(Source records)
——

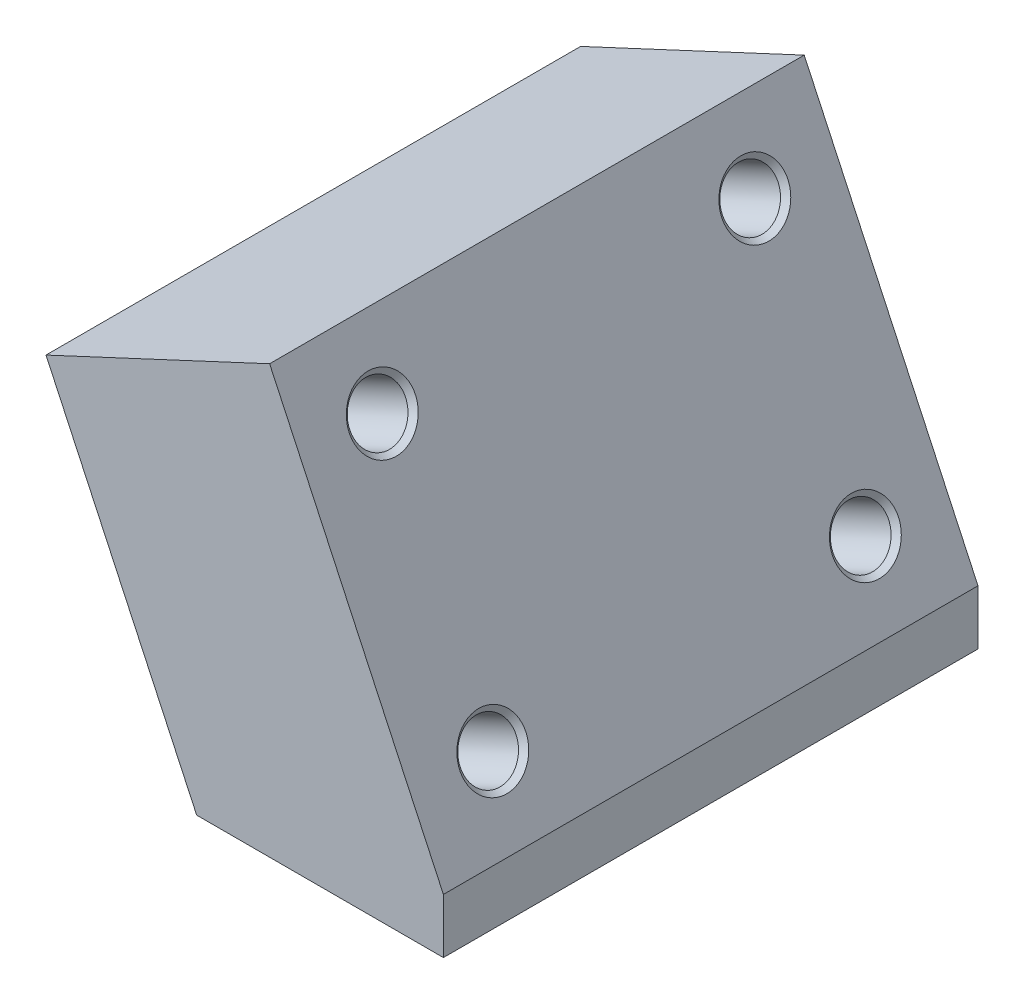
ISO-10303-21;
HEADER;
FILE_DESCRIPTION(('STEP AP214'),'2;1');
FILE_NAME('part.step','',(''),(''),'','','');
FILE_SCHEMA(('AUTOMOTIVE_DESIGN { 1 0 10303 214 1 1 1 1 }'));
ENDSEC;
DATA;
#1=APPLICATION_CONTEXT('core data for automotive mechanical design processes');
#2=APPLICATION_PROTOCOL_DEFINITION('international standard','automotive_design',2000,#1);
#3=PRODUCT_CONTEXT('',#1,'mechanical');
#4=PRODUCT('Part','Part','',(#3));
#5=PRODUCT_RELATED_PRODUCT_CATEGORY('part','',(#4));
#6=PRODUCT_DEFINITION_FORMATION('','',#4);
#7=PRODUCT_DEFINITION_CONTEXT('part definition',#1,'design');
#8=PRODUCT_DEFINITION('design','',#6,#7);
#9=PRODUCT_DEFINITION_SHAPE('','',#8);
#10=(LENGTH_UNIT() NAMED_UNIT(*) SI_UNIT(.MILLI.,.METRE.));
#11=(NAMED_UNIT(*) PLANE_ANGLE_UNIT() SI_UNIT($,.RADIAN.));
#12=(NAMED_UNIT(*) SI_UNIT($,.STERADIAN.) SOLID_ANGLE_UNIT());
#13=UNCERTAINTY_MEASURE_WITH_UNIT(LENGTH_MEASURE(1.E-05),#10,'distance_accuracy_value','');
#14=(GEOMETRIC_REPRESENTATION_CONTEXT(3) GLOBAL_UNCERTAINTY_ASSIGNED_CONTEXT((#13)) GLOBAL_UNIT_ASSIGNED_CONTEXT((#10,
#11,#12)) REPRESENTATION_CONTEXT('',''));
#15=CARTESIAN_POINT('',(0.,0.,0.));
#16=DIRECTION('',(0.,0.,1.));
#17=DIRECTION('',(1.,0.,0.));
#18=AXIS2_PLACEMENT_3D('',#15,#16,#17);
#19=CARTESIAN_POINT('',(1.18032298381495,-74.8106195494456,32.5));
#20=DIRECTION('',(0.422618261740701,-0.906307787036649,0.));
#21=DIRECTION('',(0.906307787036649,0.422618261740701,0.));
#22=AXIS2_PLACEMENT_3D('',#19,#20,#21);
#23=PLANE('',#22);
#24=DIRECTION('',(-0.906307787036649,-0.422618261740701,0.));
#25=VECTOR('',#24,1.);
#26=CARTESIAN_POINT('',(1.18032298381495,-74.8106195494456,-32.5));
#27=LINE('',#26,#25);
#28=CARTESIAN_POINT('',(28.3695565949144,-62.1320716972246,-32.5));
#29=VERTEX_POINT('',#28);
#30=CARTESIAN_POINT('',(1.18032298381495,-74.8106195494456,-32.5));
#31=VERTEX_POINT('',#30);
#32=EDGE_CURVE('E116',#29,#31,#27,.T.);
#33=ORIENTED_EDGE('',*,*,#32,.T.);
#34=DIRECTION('',(0.,0.,-1.));
#35=VECTOR('',#34,1.);
#36=CARTESIAN_POINT('',(1.18032298381495,-74.8106195494456,32.5));
#37=LINE('',#36,#35);
#38=CARTESIAN_POINT('',(1.18032298381495,-74.8106195494456,32.5));
#39=VERTEX_POINT('',#38);
#40=EDGE_CURVE('E11',#39,#31,#37,.T.);
#41=ORIENTED_EDGE('',*,*,#40,.F.);
#42=DIRECTION('',(-0.906307787036649,-0.422618261740701,0.));
#43=VECTOR('',#42,1.);
#44=CARTESIAN_POINT('',(1.18032298381495,-74.8106195494456,32.5));
#45=LINE('',#44,#43);
#46=CARTESIAN_POINT('',(28.3695565949144,-62.1320716972246,32.5));
#47=VERTEX_POINT('',#46);
#48=EDGE_CURVE('E125',#47,#39,#45,.T.);
#49=ORIENTED_EDGE('',*,*,#48,.F.);
#50=DIRECTION('',(0.,0.,-1.));
#51=VECTOR('',#50,1.);
#52=CARTESIAN_POINT('',(28.3695565949144,-62.1320716972246,32.5));
#53=LINE('',#52,#51);
#54=EDGE_CURVE('E112',#47,#29,#53,.T.);
#55=ORIENTED_EDGE('',*,*,#54,.T.);
#56=EDGE_LOOP('',(#33,#41,#49,#55));
#57=FACE_BOUND('',#56,.T.);
#58=ADVANCED_FACE('F37',(#57),#23,.F.);
#59=CARTESIAN_POINT('',(1.18032298381495,-74.8106195494456,32.5));
#60=DIRECTION('',(0.906307787036649,0.422618261740701,0.));
#61=DIRECTION('',(-0.422618261740701,0.906307787036649,0.));
#62=AXIS2_PLACEMENT_3D('',#59,#60,#61);
#63=PLANE('',#62);
#64=DIRECTION('',(0.422618261740701,-0.906307787036649,0.));
#65=VECTOR('',#64,1.);
#66=CARTESIAN_POINT('',(1.18032298381495,-74.8106195494456,-32.5));
#67=LINE('',#66,#65);
#68=CARTESIAN_POINT('',(19.5004696819495,-114.098300928345,-32.5));
#69=VERTEX_POINT('',#68);
#70=EDGE_CURVE('E119',#31,#69,#67,.T.);
#71=ORIENTED_EDGE('',*,*,#70,.T.);
#72=DIRECTION('',(0.,0.,-1.));
#73=VECTOR('',#72,1.);
#74=CARTESIAN_POINT('',(19.5004696819495,-114.098300928345,32.5));
#75=LINE('',#74,#73);
#76=CARTESIAN_POINT('',(19.5004696819495,-114.098300928345,32.5));
#77=VERTEX_POINT('',#76);
#78=EDGE_CURVE('E46',#77,#69,#75,.T.);
#79=ORIENTED_EDGE('',*,*,#78,.F.);
#80=DIRECTION('',(0.422618261740701,-0.906307787036649,0.));
#81=VECTOR('',#80,1.);
#82=CARTESIAN_POINT('',(1.18032298381495,-74.8106195494456,32.5));
#83=LINE('',#82,#81);
#84=EDGE_CURVE('E90',#39,#77,#83,.T.);
#85=ORIENTED_EDGE('',*,*,#84,.F.);
#86=ORIENTED_EDGE('',*,*,#40,.T.);
#87=EDGE_LOOP('',(#71,#79,#85,#86));
#88=FACE_BOUND('',#87,.T.);
#89=ADVANCED_FACE('F180',(#88),#63,.F.);
#90=CARTESIAN_POINT('',(49.5004696819495,-114.098300928345,32.5));
#91=DIRECTION('',(0.,1.,0.));
#92=DIRECTION('',(0.,0.,1.));
#93=AXIS2_PLACEMENT_3D('',#90,#91,#92);
#94=PLANE('',#93);
#95=CARTESIAN_POINT('',(34.5004696819495,-114.098300928345,-10.));
#96=DIRECTION('',(0.,1.,0.));
#97=DIRECTION('',(0.,0.,1.));
#98=AXIS2_PLACEMENT_3D('',#95,#96,#97);
#99=CIRCLE('',#98,3.39999999999999);
#100=CARTESIAN_POINT('',(34.5004696819495,-114.098300928345,-6.60000000000001));
#101=VERTEX_POINT('',#100);
#102=EDGE_CURVE('E40',#101,#101,#99,.T.);
#103=ORIENTED_EDGE('',*,*,#102,.T.);
#104=EDGE_LOOP('',(#103));
#105=FACE_BOUND('',#104,.T.);
#106=CARTESIAN_POINT('',(34.5004696819495,-114.098300928345,10.));
#107=DIRECTION('',(0.,1.,0.));
#108=DIRECTION('',(0.,0.,1.));
#109=AXIS2_PLACEMENT_3D('',#106,#107,#108);
#110=CIRCLE('',#109,3.39999999999999);
#111=CARTESIAN_POINT('',(34.5004696819495,-114.098300928345,13.4));
#112=VERTEX_POINT('',#111);
#113=EDGE_CURVE('E128',#112,#112,#110,.T.);
#114=ORIENTED_EDGE('',*,*,#113,.T.);
#115=EDGE_LOOP('',(#114));
#116=FACE_BOUND('',#115,.T.);
#117=DIRECTION('',(1.,0.,0.));
#118=VECTOR('',#117,1.);
#119=CARTESIAN_POINT('',(49.5004696819495,-114.098300928345,-32.5));
#120=LINE('',#119,#118);
#121=CARTESIAN_POINT('',(49.5004696819495,-114.098300928345,-32.5));
#122=VERTEX_POINT('',#121);
#123=EDGE_CURVE('E107',#69,#122,#120,.T.);
#124=ORIENTED_EDGE('',*,*,#123,.T.);
#125=DIRECTION('',(0.,0.,-1.));
#126=VECTOR('',#125,1.);
#127=CARTESIAN_POINT('',(49.5004696819495,-114.098300928345,32.5));
#128=LINE('',#127,#126);
#129=CARTESIAN_POINT('',(49.5004696819495,-114.098300928345,32.5));
#130=VERTEX_POINT('',#129);
#131=EDGE_CURVE('E104',#130,#122,#128,.T.);
#132=ORIENTED_EDGE('',*,*,#131,.F.);
#133=DIRECTION('',(1.,0.,0.));
#134=VECTOR('',#133,1.);
#135=CARTESIAN_POINT('',(49.5004696819495,-114.098300928345,32.5));
#136=LINE('',#135,#134);
#137=EDGE_CURVE('E96',#77,#130,#136,.T.);
#138=ORIENTED_EDGE('',*,*,#137,.F.);
#139=ORIENTED_EDGE('',*,*,#78,.T.);
#140=EDGE_LOOP('',(#124,#132,#138,#139));
#141=FACE_BOUND('',#140,.T.);
#142=ADVANCED_FACE('F105',(#105,#116,#141),#94,.F.);
#143=CARTESIAN_POINT('',(49.5004696819495,-114.098300928345,32.5));
#144=DIRECTION('',(-1.,0.,0.));
#145=DIRECTION('',(0.,0.,1.));
#146=AXIS2_PLACEMENT_3D('',#143,#144,#145);
#147=PLANE('',#146);
#148=DIRECTION('',(0.,1.,0.));
#149=VECTOR('',#148,1.);
#150=CARTESIAN_POINT('',(49.5004696819495,-114.098300928345,-32.5));
#151=LINE('',#150,#149);
#152=CARTESIAN_POINT('',(49.5004696819495,-107.447461049057,-32.5));
#153=VERTEX_POINT('',#152);
#154=EDGE_CURVE('E76',#122,#153,#151,.T.);
#155=ORIENTED_EDGE('',*,*,#154,.T.);
#156=DIRECTION('',(0.,0.,-1.));
#157=VECTOR('',#156,1.);
#158=CARTESIAN_POINT('',(49.5004696819495,-107.447461049057,32.5));
#159=LINE('',#158,#157);
#160=CARTESIAN_POINT('',(49.5004696819495,-107.447461049057,32.5));
#161=VERTEX_POINT('',#160);
#162=EDGE_CURVE('E108',#161,#153,#159,.T.);
#163=ORIENTED_EDGE('',*,*,#162,.F.);
#164=DIRECTION('',(0.,1.,0.));
#165=VECTOR('',#164,1.);
#166=CARTESIAN_POINT('',(49.5004696819495,-114.098300928345,32.5));
#167=LINE('',#166,#165);
#168=EDGE_CURVE('E100',#130,#161,#167,.T.);
#169=ORIENTED_EDGE('',*,*,#168,.F.);
#170=ORIENTED_EDGE('',*,*,#131,.T.);
#171=EDGE_LOOP('',(#155,#163,#169,#170));
#172=FACE_BOUND('',#171,.T.);
#173=ADVANCED_FACE('F110',(#172),#147,.F.);
#174=CARTESIAN_POINT('',(49.5004696819495,-107.447461049057,32.5));
#175=DIRECTION('',(-0.906307787036649,-0.422618261740701,0.));
#176=DIRECTION('',(0.422618261740701,-0.906307787036649,0.));
#177=AXIS2_PLACEMENT_3D('',#174,#175,#176);
#178=PLANE('',#177);
#179=CARTESIAN_POINT('',(32.2153827767583,-70.3794725592654,22.65));
#180=DIRECTION('',(0.906307787036649,0.422618261740701,0.));
#181=DIRECTION('',(-0.422618261740701,0.906307787036649,0.));
#182=AXIS2_PLACEMENT_3D('',#179,#180,#181);
#183=CIRCLE('',#182,4.025);
#184=CARTESIAN_POINT('',(30.5143442732519,-66.7315837164429,22.65));
#185=VERTEX_POINT('',#184);
#186=EDGE_CURVE('E130',#185,#185,#183,.T.);
#187=ORIENTED_EDGE('',*,*,#186,.F.);
#188=EDGE_LOOP('',(#187));
#189=FACE_BOUND('',#188,.T.);
#190=CARTESIAN_POINT('',(45.6546435001057,-99.2000601870162,22.65));
#191=DIRECTION('',(0.906307787036649,0.422618261740701,0.));
#192=DIRECTION('',(-0.422618261740701,0.906307787036649,0.));
#193=AXIS2_PLACEMENT_3D('',#190,#191,#192);
#194=CIRCLE('',#193,4.025);
#195=CARTESIAN_POINT('',(43.9536049965994,-95.5521713441937,22.65));
#196=VERTEX_POINT('',#195);
#197=EDGE_CURVE('E150',#196,#196,#194,.T.);
#198=ORIENTED_EDGE('',*,*,#197,.F.);
#199=EDGE_LOOP('',(#198));
#200=FACE_BOUND('',#199,.T.);
#201=CARTESIAN_POINT('',(45.6546435001057,-99.2000601870162,-22.65));
#202=DIRECTION('',(0.906307787036649,0.422618261740701,0.));
#203=DIRECTION('',(-0.422618261740701,0.906307787036649,0.));
#204=AXIS2_PLACEMENT_3D('',#201,#202,#203);
#205=CIRCLE('',#204,4.025);
#206=CARTESIAN_POINT('',(43.9536049965994,-95.5521713441937,-22.65));
#207=VERTEX_POINT('',#206);
#208=EDGE_CURVE('E159',#207,#207,#205,.T.);
#209=ORIENTED_EDGE('',*,*,#208,.F.);
#210=EDGE_LOOP('',(#209));
#211=FACE_BOUND('',#210,.T.);
#212=CARTESIAN_POINT('',(32.2153827767583,-70.3794725592654,-22.65));
#213=DIRECTION('',(0.906307787036649,0.422618261740701,0.));
#214=DIRECTION('',(-0.422618261740701,0.906307787036649,0.));
#215=AXIS2_PLACEMENT_3D('',#212,#213,#214);
#216=CIRCLE('',#215,4.025);
#217=CARTESIAN_POINT('',(30.5143442732519,-66.7315837164429,-22.65));
#218=VERTEX_POINT('',#217);
#219=EDGE_CURVE('E168',#218,#218,#216,.T.);
#220=ORIENTED_EDGE('',*,*,#219,.F.);
#221=EDGE_LOOP('',(#220));
#222=FACE_BOUND('',#221,.T.);
#223=DIRECTION('',(-0.422618261740701,0.906307787036649,0.));
#224=VECTOR('',#223,1.);
#225=CARTESIAN_POINT('',(49.5004696819495,-107.447461049057,-32.5));
#226=LINE('',#225,#224);
#227=EDGE_CURVE('E82',#153,#29,#226,.T.);
#228=ORIENTED_EDGE('',*,*,#227,.T.);
#229=ORIENTED_EDGE('',*,*,#54,.F.);
#230=DIRECTION('',(-0.422618261740701,0.906307787036649,0.));
#231=VECTOR('',#230,1.);
#232=CARTESIAN_POINT('',(49.5004696819495,-107.447461049057,32.5));
#233=LINE('',#232,#231);
#234=EDGE_CURVE('E55',#161,#47,#233,.T.);
#235=ORIENTED_EDGE('',*,*,#234,.F.);
#236=ORIENTED_EDGE('',*,*,#162,.T.);
#237=EDGE_LOOP('',(#228,#229,#235,#236));
#238=FACE_BOUND('',#237,.T.);
#239=ADVANCED_FACE('F193',(#189,#200,#211,#222,#238),#178,.F.);
#240=CARTESIAN_POINT('',(0.,0.,32.5));
#241=DIRECTION('',(0.,0.,1.));
#242=DIRECTION('',(1.,0.,0.));
#243=AXIS2_PLACEMENT_3D('',#240,#241,#242);
#244=PLANE('',#243);
#245=ORIENTED_EDGE('',*,*,#48,.T.);
#246=ORIENTED_EDGE('',*,*,#84,.T.);
#247=ORIENTED_EDGE('',*,*,#137,.T.);
#248=ORIENTED_EDGE('',*,*,#168,.T.);
#249=ORIENTED_EDGE('',*,*,#234,.T.);
#250=EDGE_LOOP('',(#245,#246,#247,#248,#249));
#251=FACE_BOUND('',#250,.T.);
#252=ADVANCED_FACE('F98',(#251),#244,.T.);
#253=CARTESIAN_POINT('',(0.,0.,-32.5));
#254=DIRECTION('',(0.,0.,1.));
#255=DIRECTION('',(1.,0.,0.));
#256=AXIS2_PLACEMENT_3D('',#253,#254,#255);
#257=PLANE('',#256);
#258=ORIENTED_EDGE('',*,*,#32,.F.);
#259=ORIENTED_EDGE('',*,*,#227,.F.);
#260=ORIENTED_EDGE('',*,*,#154,.F.);
#261=ORIENTED_EDGE('',*,*,#123,.F.);
#262=ORIENTED_EDGE('',*,*,#70,.F.);
#263=EDGE_LOOP('',(#258,#259,#260,#261,#262));
#264=FACE_BOUND('',#263,.T.);
#265=ADVANCED_FACE('F182',(#264),#257,.F.);
#266=CARTESIAN_POINT('',(14.0892270360253,-78.8318377940794,-22.65));
#267=DIRECTION('',(0.906307787036649,0.422618261740701,0.));
#268=DIRECTION('',(-0.422618261740701,0.906307787036649,0.));
#269=AXIS2_PLACEMENT_3D('',#266,#267,#268);
#270=CONICAL_SURFACE('',#269,3.4,1.02974425867665);
#271=CARTESIAN_POINT('',(12.2377071990009,-79.6952156733098,-22.65));
#272=VERTEX_POINT('',#271);
#273=VERTEX_LOOP('',#272);
#274=FACE_BOUND('',#273,.T.);
#275=CARTESIAN_POINT('',(14.0892270360253,-78.8318377940794,-22.65));
#276=DIRECTION('',(0.906307787036649,0.422618261740701,0.));
#277=DIRECTION('',(-0.422618261740701,0.906307787036649,0.));
#278=AXIS2_PLACEMENT_3D('',#275,#276,#277);
#279=CIRCLE('',#278,3.4);
#280=CARTESIAN_POINT('',(12.6523249461069,-75.7503913181548,-22.65));
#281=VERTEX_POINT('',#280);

——

— Action item —
Output, from the data above, the lines from the line with "#226=LINE('',#225,#224);" to the line with "#233=LINE('',#232,#231);" exactly as they stand, both ends included and nothing else.

— Exercise answer —
#226=LINE('',#225,#224);
#227=EDGE_CURVE('E82',#153,#29,#226,.T.);
#228=ORIENTED_EDGE('',*,*,#227,.T.);
#229=ORIENTED_EDGE('',*,*,#54,.F.);
#230=DIRECTION('',(-0.422618261740701,0.906307787036649,0.));
#231=VECTOR('',#230,1.);
#232=CARTESIAN_POINT('',(49.5004696819495,-107.447461049057,32.5));
#233=LINE('',#232,#231);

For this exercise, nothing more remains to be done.